RECORD EXTRACTS Block Start
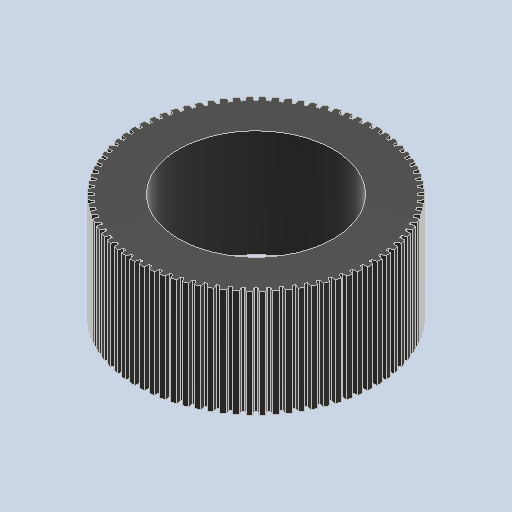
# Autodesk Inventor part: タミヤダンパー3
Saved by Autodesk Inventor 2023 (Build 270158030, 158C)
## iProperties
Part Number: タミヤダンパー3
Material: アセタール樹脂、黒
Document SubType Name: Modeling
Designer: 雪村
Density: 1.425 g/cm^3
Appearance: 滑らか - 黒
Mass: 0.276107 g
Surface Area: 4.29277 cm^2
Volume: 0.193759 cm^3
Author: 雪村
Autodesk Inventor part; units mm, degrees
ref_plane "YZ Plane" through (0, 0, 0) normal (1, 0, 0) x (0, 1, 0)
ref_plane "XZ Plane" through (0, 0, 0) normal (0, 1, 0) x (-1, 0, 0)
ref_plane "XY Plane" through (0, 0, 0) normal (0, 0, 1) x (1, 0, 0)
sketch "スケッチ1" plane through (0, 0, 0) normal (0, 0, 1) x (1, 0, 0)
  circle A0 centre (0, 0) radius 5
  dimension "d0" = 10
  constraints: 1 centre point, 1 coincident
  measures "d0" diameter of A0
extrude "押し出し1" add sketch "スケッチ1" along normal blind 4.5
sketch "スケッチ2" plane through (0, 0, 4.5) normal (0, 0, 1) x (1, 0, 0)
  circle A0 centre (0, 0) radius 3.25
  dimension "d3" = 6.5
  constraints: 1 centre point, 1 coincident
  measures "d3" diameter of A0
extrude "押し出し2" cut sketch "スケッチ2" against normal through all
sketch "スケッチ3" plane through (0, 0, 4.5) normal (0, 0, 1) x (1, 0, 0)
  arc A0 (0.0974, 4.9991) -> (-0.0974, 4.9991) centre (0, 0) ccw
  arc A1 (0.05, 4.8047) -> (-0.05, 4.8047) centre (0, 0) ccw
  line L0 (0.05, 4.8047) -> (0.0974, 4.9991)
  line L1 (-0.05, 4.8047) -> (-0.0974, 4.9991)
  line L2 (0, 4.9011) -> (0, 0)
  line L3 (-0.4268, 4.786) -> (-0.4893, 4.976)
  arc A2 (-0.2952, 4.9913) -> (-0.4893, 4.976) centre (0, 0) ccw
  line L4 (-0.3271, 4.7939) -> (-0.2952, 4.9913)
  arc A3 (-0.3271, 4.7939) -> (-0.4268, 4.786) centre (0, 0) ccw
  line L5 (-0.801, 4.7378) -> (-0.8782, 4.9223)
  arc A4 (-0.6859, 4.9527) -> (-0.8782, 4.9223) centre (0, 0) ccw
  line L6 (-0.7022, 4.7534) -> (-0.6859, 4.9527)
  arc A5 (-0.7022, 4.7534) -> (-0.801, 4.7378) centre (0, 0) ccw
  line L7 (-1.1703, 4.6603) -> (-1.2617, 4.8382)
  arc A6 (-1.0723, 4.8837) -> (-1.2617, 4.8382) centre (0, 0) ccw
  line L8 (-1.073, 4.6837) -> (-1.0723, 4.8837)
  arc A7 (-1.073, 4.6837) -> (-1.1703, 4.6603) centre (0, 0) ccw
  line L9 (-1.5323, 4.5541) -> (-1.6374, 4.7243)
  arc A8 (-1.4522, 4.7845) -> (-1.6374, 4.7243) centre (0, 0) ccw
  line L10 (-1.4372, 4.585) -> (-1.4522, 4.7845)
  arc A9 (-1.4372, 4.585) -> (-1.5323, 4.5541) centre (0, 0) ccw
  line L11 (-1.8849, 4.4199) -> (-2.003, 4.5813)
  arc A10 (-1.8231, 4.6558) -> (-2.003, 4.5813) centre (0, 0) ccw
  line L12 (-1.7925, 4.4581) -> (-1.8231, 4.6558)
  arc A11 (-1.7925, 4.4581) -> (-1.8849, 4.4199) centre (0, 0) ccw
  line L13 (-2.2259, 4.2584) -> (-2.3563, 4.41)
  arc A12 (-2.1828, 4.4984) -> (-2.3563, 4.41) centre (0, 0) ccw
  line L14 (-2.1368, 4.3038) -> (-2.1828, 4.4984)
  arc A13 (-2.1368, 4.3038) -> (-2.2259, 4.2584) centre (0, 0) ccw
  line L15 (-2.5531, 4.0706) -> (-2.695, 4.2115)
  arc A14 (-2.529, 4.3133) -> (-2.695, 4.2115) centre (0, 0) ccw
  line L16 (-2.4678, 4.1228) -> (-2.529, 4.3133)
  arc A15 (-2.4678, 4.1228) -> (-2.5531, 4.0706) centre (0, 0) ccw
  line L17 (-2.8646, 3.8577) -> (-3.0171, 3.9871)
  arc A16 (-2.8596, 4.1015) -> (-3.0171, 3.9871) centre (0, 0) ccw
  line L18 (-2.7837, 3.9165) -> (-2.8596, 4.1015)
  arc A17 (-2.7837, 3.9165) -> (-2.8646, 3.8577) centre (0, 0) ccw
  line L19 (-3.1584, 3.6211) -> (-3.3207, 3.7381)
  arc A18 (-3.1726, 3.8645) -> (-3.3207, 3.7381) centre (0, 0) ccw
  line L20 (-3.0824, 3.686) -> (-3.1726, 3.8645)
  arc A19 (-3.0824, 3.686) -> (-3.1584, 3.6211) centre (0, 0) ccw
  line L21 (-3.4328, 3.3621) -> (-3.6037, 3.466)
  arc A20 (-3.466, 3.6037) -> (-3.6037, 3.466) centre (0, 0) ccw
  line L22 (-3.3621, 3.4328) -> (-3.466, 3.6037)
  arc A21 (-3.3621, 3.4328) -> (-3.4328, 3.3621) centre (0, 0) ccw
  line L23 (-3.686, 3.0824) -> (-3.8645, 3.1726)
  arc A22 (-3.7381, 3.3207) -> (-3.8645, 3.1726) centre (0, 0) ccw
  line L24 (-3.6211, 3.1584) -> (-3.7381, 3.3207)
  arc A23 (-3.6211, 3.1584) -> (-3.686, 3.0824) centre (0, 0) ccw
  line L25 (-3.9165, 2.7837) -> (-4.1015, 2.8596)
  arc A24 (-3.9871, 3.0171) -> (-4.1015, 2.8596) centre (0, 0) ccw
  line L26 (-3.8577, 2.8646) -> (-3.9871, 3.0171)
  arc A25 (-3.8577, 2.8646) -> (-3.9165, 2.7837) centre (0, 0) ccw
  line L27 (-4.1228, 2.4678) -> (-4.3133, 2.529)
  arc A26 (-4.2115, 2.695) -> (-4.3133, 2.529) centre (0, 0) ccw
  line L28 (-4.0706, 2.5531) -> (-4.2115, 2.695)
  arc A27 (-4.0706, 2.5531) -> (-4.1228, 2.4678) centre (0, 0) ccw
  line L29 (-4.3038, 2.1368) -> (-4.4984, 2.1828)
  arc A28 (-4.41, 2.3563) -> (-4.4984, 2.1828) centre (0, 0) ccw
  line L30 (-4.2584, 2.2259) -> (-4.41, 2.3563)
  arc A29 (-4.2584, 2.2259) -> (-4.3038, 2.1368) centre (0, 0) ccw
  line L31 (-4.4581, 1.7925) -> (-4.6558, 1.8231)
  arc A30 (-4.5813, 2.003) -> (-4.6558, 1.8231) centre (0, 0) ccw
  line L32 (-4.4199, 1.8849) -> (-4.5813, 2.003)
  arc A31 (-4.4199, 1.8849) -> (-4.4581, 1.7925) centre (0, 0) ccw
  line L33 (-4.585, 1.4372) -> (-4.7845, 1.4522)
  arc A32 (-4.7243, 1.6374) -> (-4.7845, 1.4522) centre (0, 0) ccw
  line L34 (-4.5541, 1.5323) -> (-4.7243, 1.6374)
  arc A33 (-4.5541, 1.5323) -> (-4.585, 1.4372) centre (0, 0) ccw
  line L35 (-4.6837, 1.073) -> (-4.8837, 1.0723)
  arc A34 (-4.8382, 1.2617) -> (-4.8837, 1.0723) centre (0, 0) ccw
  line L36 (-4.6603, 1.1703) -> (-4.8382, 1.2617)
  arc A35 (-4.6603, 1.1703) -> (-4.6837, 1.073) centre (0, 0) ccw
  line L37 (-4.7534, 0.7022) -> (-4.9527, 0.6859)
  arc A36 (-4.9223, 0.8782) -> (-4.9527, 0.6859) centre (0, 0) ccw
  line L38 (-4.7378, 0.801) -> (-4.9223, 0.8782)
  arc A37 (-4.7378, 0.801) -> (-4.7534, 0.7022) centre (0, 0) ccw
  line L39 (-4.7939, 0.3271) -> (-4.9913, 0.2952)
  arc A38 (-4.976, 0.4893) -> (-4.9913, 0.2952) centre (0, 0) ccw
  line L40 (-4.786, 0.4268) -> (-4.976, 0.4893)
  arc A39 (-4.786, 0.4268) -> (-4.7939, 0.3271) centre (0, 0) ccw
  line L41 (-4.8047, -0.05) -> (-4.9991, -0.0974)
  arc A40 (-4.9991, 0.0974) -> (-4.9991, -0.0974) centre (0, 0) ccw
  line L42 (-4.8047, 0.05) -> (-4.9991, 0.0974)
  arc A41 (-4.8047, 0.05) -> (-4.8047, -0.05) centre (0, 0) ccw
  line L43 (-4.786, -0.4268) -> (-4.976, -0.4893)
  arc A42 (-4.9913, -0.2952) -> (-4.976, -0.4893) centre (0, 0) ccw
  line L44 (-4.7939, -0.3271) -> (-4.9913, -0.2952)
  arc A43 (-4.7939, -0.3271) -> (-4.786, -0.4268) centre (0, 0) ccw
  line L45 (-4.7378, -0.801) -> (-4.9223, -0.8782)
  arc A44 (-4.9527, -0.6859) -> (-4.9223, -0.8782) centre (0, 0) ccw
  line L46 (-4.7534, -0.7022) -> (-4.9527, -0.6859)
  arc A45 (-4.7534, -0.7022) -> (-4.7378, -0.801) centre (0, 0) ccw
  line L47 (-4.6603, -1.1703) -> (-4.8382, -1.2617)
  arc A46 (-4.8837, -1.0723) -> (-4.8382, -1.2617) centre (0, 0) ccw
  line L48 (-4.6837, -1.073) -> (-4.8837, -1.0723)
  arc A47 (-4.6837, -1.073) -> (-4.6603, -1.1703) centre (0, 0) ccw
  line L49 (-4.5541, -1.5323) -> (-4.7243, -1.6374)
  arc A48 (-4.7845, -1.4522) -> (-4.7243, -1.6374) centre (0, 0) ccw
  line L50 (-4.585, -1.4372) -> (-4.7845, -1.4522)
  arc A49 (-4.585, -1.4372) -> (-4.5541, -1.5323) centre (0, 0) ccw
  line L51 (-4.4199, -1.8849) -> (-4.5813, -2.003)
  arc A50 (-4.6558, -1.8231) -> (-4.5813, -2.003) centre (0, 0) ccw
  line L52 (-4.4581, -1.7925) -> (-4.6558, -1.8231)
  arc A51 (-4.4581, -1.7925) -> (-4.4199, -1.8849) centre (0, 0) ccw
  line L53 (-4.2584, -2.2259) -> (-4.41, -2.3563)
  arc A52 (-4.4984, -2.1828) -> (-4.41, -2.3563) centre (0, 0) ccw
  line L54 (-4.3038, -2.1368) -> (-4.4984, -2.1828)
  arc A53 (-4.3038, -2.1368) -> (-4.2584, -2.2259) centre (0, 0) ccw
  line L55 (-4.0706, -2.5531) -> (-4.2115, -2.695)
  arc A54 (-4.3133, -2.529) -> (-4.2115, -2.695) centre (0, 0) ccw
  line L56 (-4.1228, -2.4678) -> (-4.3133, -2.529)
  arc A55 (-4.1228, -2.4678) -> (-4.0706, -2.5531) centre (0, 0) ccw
RECORD EXTRACTS Block End
(PROBLEM REQUIREMENTS) Go back to the listing above. Copy word for word the lines from the one with "arc A17 (-2.7837, 3.9165)" through the one with "line L21 (-3.4328, 3.3621)", and nothing more.

(RESULT OF THIS EXERCISE)
  arc A17 (-2.7837, 3.9165) -> (-2.8646, 3.8577) centre (0, 0) ccw
  line L19 (-3.1584, 3.6211) -> (-3.3207, 3.7381)
  arc A18 (-3.1726, 3.8645) -> (-3.3207, 3.7381) centre (0, 0) ccw
  line L20 (-3.0824, 3.686) -> (-3.1726, 3.8645)
  arc A19 (-3.0824, 3.686) -> (-3.1584, 3.6211) centre (0, 0) ccw
  line L21 (-3.4328, 3.3621) -> (-3.6037, 3.466)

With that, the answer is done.